In the material below, find all lines with the string "korekta" and copy them.

---------------

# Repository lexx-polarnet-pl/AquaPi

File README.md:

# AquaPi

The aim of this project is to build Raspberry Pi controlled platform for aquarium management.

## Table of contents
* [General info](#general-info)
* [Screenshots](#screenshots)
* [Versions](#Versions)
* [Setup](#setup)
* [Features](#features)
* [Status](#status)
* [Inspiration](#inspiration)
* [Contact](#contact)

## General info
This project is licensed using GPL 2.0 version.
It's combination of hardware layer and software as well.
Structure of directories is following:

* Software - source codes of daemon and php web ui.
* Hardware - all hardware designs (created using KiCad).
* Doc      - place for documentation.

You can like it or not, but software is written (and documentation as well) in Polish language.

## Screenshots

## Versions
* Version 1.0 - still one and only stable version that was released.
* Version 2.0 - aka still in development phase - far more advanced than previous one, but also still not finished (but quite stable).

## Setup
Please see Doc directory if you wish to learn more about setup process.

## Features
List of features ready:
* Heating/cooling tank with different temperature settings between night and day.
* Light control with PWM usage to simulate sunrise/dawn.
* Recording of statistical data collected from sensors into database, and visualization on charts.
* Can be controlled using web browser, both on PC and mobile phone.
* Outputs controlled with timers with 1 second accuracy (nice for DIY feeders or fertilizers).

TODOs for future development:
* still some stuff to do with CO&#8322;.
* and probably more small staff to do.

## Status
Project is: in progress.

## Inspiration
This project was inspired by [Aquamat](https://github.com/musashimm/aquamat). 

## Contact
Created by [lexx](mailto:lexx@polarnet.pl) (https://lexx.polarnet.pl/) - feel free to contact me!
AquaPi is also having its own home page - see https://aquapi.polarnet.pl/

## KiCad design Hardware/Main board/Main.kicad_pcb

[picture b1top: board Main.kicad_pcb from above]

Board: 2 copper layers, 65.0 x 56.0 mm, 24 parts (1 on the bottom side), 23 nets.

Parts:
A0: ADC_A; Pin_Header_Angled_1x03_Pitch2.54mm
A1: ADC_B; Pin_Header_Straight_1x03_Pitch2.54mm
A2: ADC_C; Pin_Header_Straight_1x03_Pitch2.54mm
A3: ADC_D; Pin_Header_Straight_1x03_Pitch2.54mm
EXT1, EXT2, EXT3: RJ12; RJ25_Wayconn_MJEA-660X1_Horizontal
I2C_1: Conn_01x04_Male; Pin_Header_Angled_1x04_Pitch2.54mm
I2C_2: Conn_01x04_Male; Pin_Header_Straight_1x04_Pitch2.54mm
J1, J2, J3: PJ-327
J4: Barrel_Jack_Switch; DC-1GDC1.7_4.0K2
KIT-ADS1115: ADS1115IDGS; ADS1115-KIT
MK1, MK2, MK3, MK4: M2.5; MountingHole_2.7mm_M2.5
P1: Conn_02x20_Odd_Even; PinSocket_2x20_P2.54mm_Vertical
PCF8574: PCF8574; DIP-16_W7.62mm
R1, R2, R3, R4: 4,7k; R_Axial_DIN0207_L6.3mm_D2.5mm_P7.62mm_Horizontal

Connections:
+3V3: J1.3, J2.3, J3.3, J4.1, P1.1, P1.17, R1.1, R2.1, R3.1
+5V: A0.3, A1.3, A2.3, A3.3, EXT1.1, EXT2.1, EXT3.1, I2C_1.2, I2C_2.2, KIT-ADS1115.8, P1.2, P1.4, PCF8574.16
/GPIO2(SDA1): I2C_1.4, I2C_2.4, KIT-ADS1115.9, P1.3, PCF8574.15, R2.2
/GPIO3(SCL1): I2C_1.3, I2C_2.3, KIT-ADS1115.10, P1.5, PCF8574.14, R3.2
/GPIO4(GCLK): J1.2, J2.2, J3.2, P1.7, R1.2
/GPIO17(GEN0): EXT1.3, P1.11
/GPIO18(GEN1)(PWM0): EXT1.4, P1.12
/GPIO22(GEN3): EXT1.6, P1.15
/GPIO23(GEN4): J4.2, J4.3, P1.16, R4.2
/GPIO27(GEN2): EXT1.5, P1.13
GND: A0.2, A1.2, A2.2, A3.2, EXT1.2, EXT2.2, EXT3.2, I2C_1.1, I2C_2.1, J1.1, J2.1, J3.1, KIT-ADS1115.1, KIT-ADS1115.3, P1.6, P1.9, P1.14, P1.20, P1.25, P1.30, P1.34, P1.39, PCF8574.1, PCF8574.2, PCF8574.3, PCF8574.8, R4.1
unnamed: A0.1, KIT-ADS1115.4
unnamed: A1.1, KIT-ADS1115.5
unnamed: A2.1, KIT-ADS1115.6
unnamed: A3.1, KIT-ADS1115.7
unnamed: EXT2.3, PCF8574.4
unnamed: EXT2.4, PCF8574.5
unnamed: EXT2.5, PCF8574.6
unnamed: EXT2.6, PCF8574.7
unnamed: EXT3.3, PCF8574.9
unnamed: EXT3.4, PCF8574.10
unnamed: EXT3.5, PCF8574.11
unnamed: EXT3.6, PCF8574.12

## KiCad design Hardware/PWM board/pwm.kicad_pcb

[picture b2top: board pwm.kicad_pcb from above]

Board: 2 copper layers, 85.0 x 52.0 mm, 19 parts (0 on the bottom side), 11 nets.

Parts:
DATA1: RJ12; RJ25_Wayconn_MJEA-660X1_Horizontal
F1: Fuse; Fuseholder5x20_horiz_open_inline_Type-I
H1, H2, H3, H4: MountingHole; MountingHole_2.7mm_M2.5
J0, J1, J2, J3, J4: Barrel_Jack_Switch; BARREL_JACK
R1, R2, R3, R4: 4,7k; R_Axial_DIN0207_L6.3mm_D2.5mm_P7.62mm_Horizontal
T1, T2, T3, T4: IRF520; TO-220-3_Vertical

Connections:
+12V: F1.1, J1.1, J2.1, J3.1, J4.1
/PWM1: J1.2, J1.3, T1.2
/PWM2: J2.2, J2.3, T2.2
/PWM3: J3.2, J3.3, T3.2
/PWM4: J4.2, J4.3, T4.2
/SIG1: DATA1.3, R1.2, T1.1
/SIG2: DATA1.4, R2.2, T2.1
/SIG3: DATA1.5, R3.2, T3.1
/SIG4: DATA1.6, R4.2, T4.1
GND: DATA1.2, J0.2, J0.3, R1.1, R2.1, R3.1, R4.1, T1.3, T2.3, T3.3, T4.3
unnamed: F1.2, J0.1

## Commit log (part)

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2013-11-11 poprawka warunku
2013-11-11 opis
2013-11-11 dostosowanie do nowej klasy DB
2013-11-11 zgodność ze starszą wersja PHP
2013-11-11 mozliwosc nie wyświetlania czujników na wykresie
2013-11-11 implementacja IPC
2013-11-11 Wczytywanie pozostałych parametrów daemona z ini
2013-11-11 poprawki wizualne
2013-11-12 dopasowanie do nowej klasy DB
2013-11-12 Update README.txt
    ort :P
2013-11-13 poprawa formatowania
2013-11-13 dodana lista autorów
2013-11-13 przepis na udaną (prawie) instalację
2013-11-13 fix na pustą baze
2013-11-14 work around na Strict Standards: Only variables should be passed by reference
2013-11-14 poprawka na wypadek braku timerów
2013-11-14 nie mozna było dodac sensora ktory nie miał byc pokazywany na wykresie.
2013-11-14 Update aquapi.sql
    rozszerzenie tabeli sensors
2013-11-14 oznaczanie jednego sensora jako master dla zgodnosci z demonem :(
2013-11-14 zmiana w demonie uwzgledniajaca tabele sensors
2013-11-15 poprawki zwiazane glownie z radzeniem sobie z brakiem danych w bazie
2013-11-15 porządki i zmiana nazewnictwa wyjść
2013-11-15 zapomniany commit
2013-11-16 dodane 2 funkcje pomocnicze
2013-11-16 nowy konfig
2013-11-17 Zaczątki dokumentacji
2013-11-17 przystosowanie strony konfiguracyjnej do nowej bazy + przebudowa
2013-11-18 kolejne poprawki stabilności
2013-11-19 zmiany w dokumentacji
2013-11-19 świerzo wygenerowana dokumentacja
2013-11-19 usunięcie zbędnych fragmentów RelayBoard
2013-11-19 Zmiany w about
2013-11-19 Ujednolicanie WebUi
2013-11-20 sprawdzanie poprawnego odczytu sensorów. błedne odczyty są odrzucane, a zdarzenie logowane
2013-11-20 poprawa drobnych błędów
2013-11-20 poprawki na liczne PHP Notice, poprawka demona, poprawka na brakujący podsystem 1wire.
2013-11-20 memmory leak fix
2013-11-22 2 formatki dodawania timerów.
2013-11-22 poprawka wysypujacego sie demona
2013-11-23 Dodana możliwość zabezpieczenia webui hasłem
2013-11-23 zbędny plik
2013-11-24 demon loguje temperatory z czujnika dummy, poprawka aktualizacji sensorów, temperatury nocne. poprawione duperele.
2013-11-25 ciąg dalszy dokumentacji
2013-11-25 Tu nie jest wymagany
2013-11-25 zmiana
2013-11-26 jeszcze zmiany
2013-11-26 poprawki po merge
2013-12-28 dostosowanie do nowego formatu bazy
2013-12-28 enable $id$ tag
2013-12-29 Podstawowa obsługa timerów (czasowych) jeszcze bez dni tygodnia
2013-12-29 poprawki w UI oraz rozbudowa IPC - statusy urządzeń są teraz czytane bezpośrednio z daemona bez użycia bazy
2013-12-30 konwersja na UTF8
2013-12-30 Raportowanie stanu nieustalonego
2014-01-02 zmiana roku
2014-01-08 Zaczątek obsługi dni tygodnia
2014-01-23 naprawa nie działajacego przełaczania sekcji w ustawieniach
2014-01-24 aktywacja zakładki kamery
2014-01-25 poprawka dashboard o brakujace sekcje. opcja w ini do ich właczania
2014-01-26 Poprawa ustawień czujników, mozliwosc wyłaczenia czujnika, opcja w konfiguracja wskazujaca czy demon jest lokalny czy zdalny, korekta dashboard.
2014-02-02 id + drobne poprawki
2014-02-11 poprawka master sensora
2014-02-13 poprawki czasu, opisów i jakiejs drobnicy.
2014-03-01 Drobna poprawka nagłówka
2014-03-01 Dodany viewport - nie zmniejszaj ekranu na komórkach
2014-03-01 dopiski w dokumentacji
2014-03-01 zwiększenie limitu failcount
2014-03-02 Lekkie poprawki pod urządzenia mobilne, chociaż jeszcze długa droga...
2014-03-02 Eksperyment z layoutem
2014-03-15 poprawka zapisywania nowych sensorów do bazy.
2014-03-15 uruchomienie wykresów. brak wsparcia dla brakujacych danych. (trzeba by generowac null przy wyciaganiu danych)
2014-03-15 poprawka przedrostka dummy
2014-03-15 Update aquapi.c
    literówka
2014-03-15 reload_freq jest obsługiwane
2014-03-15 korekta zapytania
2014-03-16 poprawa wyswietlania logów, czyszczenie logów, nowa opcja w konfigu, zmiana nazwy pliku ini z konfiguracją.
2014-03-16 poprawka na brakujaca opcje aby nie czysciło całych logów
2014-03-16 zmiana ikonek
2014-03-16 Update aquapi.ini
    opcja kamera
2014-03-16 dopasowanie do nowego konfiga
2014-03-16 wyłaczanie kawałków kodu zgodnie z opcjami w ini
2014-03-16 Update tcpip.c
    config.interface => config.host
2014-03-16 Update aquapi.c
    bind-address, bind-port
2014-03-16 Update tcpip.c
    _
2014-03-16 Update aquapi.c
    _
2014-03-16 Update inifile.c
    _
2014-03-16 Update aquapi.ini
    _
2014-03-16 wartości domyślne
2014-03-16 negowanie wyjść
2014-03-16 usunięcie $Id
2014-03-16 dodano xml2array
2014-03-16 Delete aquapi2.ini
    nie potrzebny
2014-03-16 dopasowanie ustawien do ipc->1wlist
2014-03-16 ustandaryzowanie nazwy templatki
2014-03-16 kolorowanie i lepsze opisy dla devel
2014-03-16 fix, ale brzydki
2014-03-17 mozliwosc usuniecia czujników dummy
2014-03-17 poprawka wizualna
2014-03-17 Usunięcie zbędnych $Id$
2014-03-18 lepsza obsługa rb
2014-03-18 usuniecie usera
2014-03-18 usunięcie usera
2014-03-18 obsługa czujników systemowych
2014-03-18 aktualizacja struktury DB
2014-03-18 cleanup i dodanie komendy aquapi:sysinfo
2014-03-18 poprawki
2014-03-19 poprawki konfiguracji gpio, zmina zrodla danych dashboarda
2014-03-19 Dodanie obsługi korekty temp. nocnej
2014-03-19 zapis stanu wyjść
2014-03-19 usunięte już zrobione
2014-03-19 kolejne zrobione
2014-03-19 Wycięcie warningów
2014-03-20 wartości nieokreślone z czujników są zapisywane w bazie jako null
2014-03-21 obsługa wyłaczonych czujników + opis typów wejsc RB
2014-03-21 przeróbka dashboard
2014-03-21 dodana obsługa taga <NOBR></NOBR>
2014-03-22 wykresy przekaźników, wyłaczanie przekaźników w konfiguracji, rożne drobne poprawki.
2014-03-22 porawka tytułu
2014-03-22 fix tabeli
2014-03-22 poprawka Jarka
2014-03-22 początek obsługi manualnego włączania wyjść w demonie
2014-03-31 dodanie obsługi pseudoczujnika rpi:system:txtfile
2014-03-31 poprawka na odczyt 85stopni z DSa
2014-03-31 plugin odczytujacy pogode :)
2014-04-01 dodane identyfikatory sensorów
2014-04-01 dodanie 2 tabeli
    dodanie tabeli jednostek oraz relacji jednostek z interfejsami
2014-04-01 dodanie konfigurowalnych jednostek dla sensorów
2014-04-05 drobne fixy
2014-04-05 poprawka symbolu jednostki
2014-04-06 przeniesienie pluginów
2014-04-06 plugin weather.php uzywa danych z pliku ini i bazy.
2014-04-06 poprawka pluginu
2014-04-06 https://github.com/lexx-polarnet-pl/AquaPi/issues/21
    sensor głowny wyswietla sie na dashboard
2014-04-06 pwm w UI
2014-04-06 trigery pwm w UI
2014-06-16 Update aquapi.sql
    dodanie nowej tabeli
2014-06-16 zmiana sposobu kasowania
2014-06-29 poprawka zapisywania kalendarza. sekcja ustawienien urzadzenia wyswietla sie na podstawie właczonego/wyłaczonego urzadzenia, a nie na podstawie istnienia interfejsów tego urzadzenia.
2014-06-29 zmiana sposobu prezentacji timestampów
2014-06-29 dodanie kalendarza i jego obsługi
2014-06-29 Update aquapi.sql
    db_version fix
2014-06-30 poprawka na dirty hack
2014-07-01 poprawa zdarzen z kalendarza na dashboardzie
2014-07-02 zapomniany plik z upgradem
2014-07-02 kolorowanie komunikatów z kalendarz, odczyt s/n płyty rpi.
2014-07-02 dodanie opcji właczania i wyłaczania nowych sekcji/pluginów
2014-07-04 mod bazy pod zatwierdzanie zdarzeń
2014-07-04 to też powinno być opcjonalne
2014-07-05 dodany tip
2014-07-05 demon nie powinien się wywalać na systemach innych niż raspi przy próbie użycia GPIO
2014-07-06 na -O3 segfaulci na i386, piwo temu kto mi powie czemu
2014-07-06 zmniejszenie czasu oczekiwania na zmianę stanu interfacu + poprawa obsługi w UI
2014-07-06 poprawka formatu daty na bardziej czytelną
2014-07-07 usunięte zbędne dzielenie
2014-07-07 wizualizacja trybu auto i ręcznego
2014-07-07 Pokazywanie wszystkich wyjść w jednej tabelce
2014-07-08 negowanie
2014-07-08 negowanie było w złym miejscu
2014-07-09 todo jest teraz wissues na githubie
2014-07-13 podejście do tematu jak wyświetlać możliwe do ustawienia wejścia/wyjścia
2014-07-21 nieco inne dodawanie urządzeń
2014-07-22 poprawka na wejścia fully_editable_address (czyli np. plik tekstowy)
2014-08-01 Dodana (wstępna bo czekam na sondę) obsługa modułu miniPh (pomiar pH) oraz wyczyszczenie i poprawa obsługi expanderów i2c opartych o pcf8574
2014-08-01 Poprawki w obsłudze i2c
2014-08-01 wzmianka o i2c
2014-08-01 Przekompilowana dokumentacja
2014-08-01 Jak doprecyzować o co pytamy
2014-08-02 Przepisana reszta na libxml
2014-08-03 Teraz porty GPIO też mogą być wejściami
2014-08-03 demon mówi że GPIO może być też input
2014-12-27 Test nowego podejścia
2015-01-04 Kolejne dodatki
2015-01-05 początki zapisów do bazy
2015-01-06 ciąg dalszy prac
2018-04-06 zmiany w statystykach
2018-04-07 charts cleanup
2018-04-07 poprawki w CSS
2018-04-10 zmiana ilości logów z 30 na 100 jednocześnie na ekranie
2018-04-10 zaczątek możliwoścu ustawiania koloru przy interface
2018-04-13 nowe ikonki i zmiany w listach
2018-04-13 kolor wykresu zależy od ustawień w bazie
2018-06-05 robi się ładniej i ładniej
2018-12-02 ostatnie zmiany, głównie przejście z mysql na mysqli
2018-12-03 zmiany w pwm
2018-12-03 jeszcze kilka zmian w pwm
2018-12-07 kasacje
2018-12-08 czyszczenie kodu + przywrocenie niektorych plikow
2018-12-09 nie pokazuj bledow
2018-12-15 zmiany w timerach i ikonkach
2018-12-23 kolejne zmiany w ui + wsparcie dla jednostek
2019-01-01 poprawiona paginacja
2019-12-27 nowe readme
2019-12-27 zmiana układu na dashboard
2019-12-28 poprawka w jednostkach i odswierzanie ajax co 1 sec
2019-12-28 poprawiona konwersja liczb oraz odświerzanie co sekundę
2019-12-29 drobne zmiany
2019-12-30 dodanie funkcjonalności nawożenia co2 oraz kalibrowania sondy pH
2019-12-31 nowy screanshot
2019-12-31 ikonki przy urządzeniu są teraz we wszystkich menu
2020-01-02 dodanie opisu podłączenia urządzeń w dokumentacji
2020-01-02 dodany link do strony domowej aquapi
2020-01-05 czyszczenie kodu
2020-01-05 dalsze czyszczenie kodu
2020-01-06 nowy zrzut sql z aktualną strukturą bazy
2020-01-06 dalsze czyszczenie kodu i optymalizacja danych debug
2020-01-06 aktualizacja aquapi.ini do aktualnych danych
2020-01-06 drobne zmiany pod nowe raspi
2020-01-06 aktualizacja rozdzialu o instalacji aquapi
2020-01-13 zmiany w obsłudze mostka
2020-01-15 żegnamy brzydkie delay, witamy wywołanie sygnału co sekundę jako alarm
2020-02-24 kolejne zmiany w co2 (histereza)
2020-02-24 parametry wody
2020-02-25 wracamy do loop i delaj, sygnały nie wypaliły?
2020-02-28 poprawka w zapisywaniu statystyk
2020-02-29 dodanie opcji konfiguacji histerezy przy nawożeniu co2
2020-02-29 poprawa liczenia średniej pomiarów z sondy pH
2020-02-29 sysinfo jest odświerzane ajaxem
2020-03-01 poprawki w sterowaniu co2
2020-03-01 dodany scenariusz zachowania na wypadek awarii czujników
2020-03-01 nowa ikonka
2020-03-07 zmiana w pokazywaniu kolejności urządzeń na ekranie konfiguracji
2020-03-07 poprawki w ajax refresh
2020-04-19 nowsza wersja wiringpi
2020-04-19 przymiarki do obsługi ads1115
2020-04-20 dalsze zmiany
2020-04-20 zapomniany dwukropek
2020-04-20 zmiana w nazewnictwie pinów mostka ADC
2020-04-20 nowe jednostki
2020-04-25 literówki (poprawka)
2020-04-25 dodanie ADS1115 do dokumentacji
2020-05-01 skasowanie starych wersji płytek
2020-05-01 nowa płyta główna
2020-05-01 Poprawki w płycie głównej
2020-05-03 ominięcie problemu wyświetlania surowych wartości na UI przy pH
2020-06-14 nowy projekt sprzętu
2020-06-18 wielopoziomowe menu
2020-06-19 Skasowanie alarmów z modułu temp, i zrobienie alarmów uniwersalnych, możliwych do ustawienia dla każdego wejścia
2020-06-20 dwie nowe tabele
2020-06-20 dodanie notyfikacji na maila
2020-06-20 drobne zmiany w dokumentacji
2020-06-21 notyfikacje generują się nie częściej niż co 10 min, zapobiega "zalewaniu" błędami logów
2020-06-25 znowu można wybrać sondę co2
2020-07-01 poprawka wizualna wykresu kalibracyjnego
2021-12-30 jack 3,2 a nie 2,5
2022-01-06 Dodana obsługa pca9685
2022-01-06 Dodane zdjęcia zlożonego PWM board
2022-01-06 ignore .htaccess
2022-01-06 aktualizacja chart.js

---------------

• **TASK RESPONSE**
2014-01-26 Poprawa ustawień czujników, mozliwosc wyłaczenia czujnika, opcja w konfiguracja wskazujaca czy demon jest lokalny czy zdalny, korekta dashboard.
2014-03-15 korekta zapytania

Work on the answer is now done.